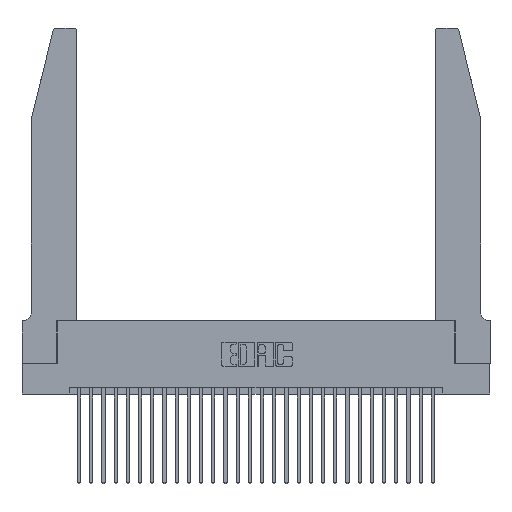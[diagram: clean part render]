
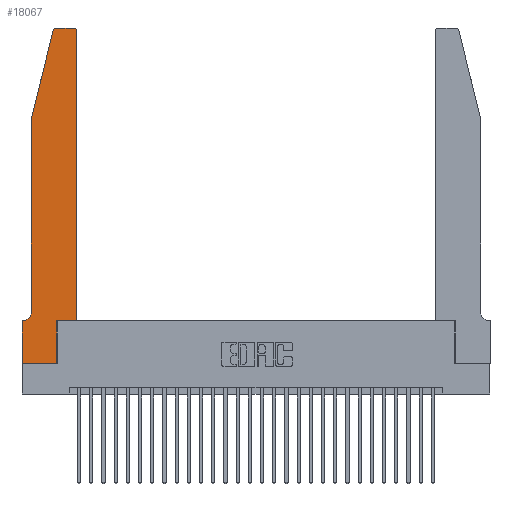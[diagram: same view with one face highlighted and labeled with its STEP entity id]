
A CAD part, top view. The second image highlights one B-rep face of the part: STEP entity #18067.
In plain terms, the highlighted planar face has unit normal (0, 0, 1).
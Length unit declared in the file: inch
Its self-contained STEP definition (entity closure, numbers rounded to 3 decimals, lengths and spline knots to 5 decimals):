
#1061 = VECTOR ( 'NONE', #6796, 39.37008 ) ;
#1632 = ORIENTED_EDGE ( 'NONE', *, *, #29588, .T. ) ;
#1982 = LINE ( 'NONE', #19739, #25883 ) ;
#2063 = CARTESIAN_POINT ( 'NONE',  ( 0.2605, 2.75, 0.37 ) ) ;
#2290 = ORIENTED_EDGE ( 'NONE', *, *, #21706, .T. ) ;
#3856 = CARTESIAN_POINT ( 'NONE',  ( 0.4205, 2.72, 0.37 ) ) ;
#4141 = DIRECTION ( 'NONE',  ( 0., -1., 0. ) ) ;
#5134 = VECTOR ( 'NONE', #19343, 39.37008 ) ;
#5338 = DIRECTION ( 'NONE',  ( 1., 0., 0. ) ) ;
#5572 = DIRECTION ( 'NONE',  ( -0.239, -0.971, 0. ) ) ;
#6156 = CARTESIAN_POINT ( 'NONE',  ( 0.4205, 2.75, 0.37 ) ) ;
#6493 = EDGE_CURVE ( 'NONE', #22655, #26320, #8952, .T. ) ;
#6659 = ORIENTED_EDGE ( 'NONE', *, *, #19389, .T. ) ;
#6733 = CARTESIAN_POINT ( 'NONE',  ( 0.284, 2.72, 0.37 ) ) ;
#6796 = DIRECTION ( 'NONE',  ( 0., 1., 0. ) ) ;
#7118 = AXIS2_PLACEMENT_3D ( 'NONE', #3856, #22224, #20282 ) ;
#7209 = LINE ( 'NONE', #25021, #1061 ) ;
#7869 = VERTEX_POINT ( 'NONE', #20244 ) ;
#8252 = CARTESIAN_POINT ( 'NONE',  ( 0.4505, 0.35, 0.37 ) ) ;
#8328 = AXIS2_PLACEMENT_3D ( 'NONE', #6733, #25265, #27579 ) ;
#8332 = DIRECTION ( 'NONE',  ( -1., 0., 0. ) ) ;
#8952 = LINE ( 'NONE', #11837, #28166 ) ;
#9017 = VERTEX_POINT ( 'NONE', #27501 ) ;
#9073 = VERTEX_POINT ( 'NONE', #13905 ) ;
#9078 = ORIENTED_EDGE ( 'NONE', *, *, #29546, .T. ) ;
#9203 = VECTOR ( 'NONE', #5338, 39.37008 ) ;
#9362 = VECTOR ( 'NONE', #11116, 39.37008 ) ;
#9477 = LINE ( 'NONE', #23958, #5134 ) ;
#9739 = EDGE_CURVE ( 'NONE', #13799, #22655, #9477, .T. ) ;
#9855 = CARTESIAN_POINT ( 'NONE',  ( 0., 0., 0.37 ) ) ;
#10223 = CARTESIAN_POINT ( 'NONE',  ( 0.25487, 2.72718, 0.37 ) ) ;
#10576 = ORIENTED_EDGE ( 'NONE', *, *, #16892, .T. ) ;
#11116 = DIRECTION ( 'NONE',  ( -1., 0., 0. ) ) ;
#11837 = CARTESIAN_POINT ( 'NONE',  ( 0.4505, 0.35, 0.37 ) ) ;
#12440 = CARTESIAN_POINT ( 'NONE',  ( 0.0755, 2., 0.37 ) ) ;
#12889 = CARTESIAN_POINT ( 'NONE',  ( 0.0055, 0.42, 0.37 ) ) ;
#13212 = VECTOR ( 'NONE', #4141, 39.37008 ) ;
#13799 = VERTEX_POINT ( 'NONE', #24764 ) ;
#13905 = CARTESIAN_POINT ( 'NONE',  ( 0., 0.35, 0.37 ) ) ;
#14113 = CIRCLE ( 'NONE', #8328, 0.03 ) ;
#14149 = EDGE_CURVE ( 'NONE', #21076, #9017, #16489, .T. ) ;
#14262 = CARTESIAN_POINT ( 'NONE',  ( 0.4505, 2.72, 0.37 ) ) ;
#14494 = VERTEX_POINT ( 'NONE', #6156 ) ;
#14792 = VECTOR ( 'NONE', #5572, 39.37008 ) ;
#15273 = ORIENTED_EDGE ( 'NONE', *, *, #6493, .T. ) ;
#15652 = CARTESIAN_POINT ( 'NONE',  ( 0., 0., 0.37 ) ) ;
#15943 = DIRECTION ( 'NONE',  ( 0., 0., 1. ) ) ;
#16089 = CIRCLE ( 'NONE', #7118, 0.03 ) ;
#16137 = ORIENTED_EDGE ( 'NONE', *, *, #25163, .T. ) ;
#16489 = CIRCLE ( 'NONE', #19311, 0.07 ) ;
#16553 = VERTEX_POINT ( 'NONE', #10223 ) ;
#16892 = EDGE_CURVE ( 'NONE', #16553, #23480, #28209, .T. ) ;
#17016 = ORIENTED_EDGE ( 'NONE', *, *, #29113, .T. ) ;
#17383 = DIRECTION ( 'NONE',  ( 0., 0., -1. ) ) ;
#17653 = PLANE ( 'NONE',  #24280 ) ;
#17777 = CARTESIAN_POINT ( 'NONE',  ( 0.0755, 0.42, 0.37 ) ) ;
#17938 = CARTESIAN_POINT ( 'NONE',  ( 0.0755, 2., 0.37 ) ) ;
#18067 = ADVANCED_FACE ( 'NONE', ( #21956 ), #17653, .T. ) ;
#19130 = CARTESIAN_POINT ( 'NONE',  ( 0.0755, 2., 0.37 ) ) ;
#19247 = ORIENTED_EDGE ( 'NONE', *, *, #14149, .T. ) ;
#19311 = AXIS2_PLACEMENT_3D ( 'NONE', #12889, #17383, #24340 ) ;
#19343 = DIRECTION ( 'NONE',  ( 1., 0., 0. ) ) ;
#19389 = EDGE_CURVE ( 'NONE', #23480, #21076, #27340, .T. ) ;
#19671 = DIRECTION ( 'NONE',  ( 0., 1., 0. ) ) ;
#19739 = CARTESIAN_POINT ( 'NONE',  ( 0.0755, 0.35, 0.37 ) ) ;
#20244 = CARTESIAN_POINT ( 'NONE',  ( 0., 0., 0.37 ) ) ;
#20282 = DIRECTION ( 'NONE',  ( 1., 0., 0. ) ) ;
#20505 = DIRECTION ( 'NONE',  ( 1., 0., 0. ) ) ;
#20700 = VECTOR ( 'NONE', #23064, 39.37008 ) ;
#21076 = VERTEX_POINT ( 'NONE', #17777 ) ;
#21661 = ORIENTED_EDGE ( 'NONE', *, *, #25024, .T. ) ;
#21706 = EDGE_CURVE ( 'NONE', #9073, #7869, #26887, .T. ) ;
#21956 = FACE_OUTER_BOUND ( 'NONE', #27781, .T. ) ;
#22224 = DIRECTION ( 'NONE',  ( 0., 0., 1. ) ) ;
#22655 = VERTEX_POINT ( 'NONE', #8252 ) ;
#23064 = DIRECTION ( 'NONE',  ( 0., -1., 0. ) ) ;
#23480 = VERTEX_POINT ( 'NONE', #19130 ) ;
#23958 = CARTESIAN_POINT ( 'NONE',  ( 0.4505, 0.35, 0.37 ) ) ;
#24066 = LINE ( 'NONE', #9855, #9203 ) ;
#24280 = AXIS2_PLACEMENT_3D ( 'NONE', #27836, #15943, #20505 ) ;
#24340 = DIRECTION ( 'NONE',  ( -1., 0., 0. ) ) ;
#24466 = EDGE_CURVE ( 'NONE', #26320, #14494, #16089, .T. ) ;
#24531 = VERTEX_POINT ( 'NONE', #24996 ) ;
#24764 = CARTESIAN_POINT ( 'NONE',  ( 0.2865, 0.35, 0.37 ) ) ;
#24996 = CARTESIAN_POINT ( 'NONE',  ( 0.2865, 0., 0.37 ) ) ;
#25021 = CARTESIAN_POINT ( 'NONE',  ( 0.2865, 0.35, 0.37 ) ) ;
#25024 = EDGE_CURVE ( 'NONE', #7869, #24531, #24066, .T. ) ;
#25163 = EDGE_CURVE ( 'NONE', #9017, #9073, #1982, .T. ) ;
#25265 = DIRECTION ( 'NONE',  ( 0., 0., 1. ) ) ;
#25883 = VECTOR ( 'NONE', #8332, 39.37008 ) ;
#26320 = VERTEX_POINT ( 'NONE', #14262 ) ;
#26405 = LINE ( 'NONE', #2063, #9362 ) ;
#26887 = LINE ( 'NONE', #15652, #20700 ) ;
#26948 = CARTESIAN_POINT ( 'NONE',  ( 0.284, 2.75, 0.37 ) ) ;
#27340 = LINE ( 'NONE', #17938, #13212 ) ;
#27501 = CARTESIAN_POINT ( 'NONE',  ( 0.0055, 0.35, 0.37 ) ) ;
#27579 = DIRECTION ( 'NONE',  ( 1., 0., 0. ) ) ;
#27781 = EDGE_LOOP ( 'NONE', ( #9078, #17016, #10576, #6659, #19247, #16137, #2290, #21661, #1632, #29381, #15273, #29273 ) ) ;
#27836 = CARTESIAN_POINT ( 'NONE',  ( 0., 0.35, 0.37 ) ) ;
#28166 = VECTOR ( 'NONE', #19671, 39.37008 ) ;
#28209 = LINE ( 'NONE', #12440, #14792 ) ;
#28903 = VERTEX_POINT ( 'NONE', #26948 ) ;
#29113 = EDGE_CURVE ( 'NONE', #28903, #16553, #14113, .T. ) ;
#29273 = ORIENTED_EDGE ( 'NONE', *, *, #24466, .T. ) ;
#29381 = ORIENTED_EDGE ( 'NONE', *, *, #9739, .T. ) ;
#29546 = EDGE_CURVE ( 'NONE', #14494, #28903, #26405, .T. ) ;
#29588 = EDGE_CURVE ( 'NONE', #24531, #13799, #7209, .T. ) ;
○ ○ ○ ○ ○
The problem: Repeat word for word the lines above that run from the line containing "#19739 = CARTESIAN_POINT" through the line containing "#21706 = EDGE_CURVE", both ends included, and nothing else.

Result:
#19739 = CARTESIAN_POINT ( 'NONE',  ( 0.0755, 0.35, 0.37 ) ) ;
#20244 = CARTESIAN_POINT ( 'NONE',  ( 0., 0., 0.37 ) ) ;
#20282 = DIRECTION ( 'NONE',  ( 1., 0., 0. ) ) ;
#20505 = DIRECTION ( 'NONE',  ( 1., 0., 0. ) ) ;
#20700 = VECTOR ( 'NONE', #23064, 39.37008 ) ;
#21076 = VERTEX_POINT ( 'NONE', #17777 ) ;
#21661 = ORIENTED_EDGE ( 'NONE', *, *, #25024, .T. ) ;
#21706 = EDGE_CURVE ( 'NONE', #9073, #7869, #26887, .T. ) ;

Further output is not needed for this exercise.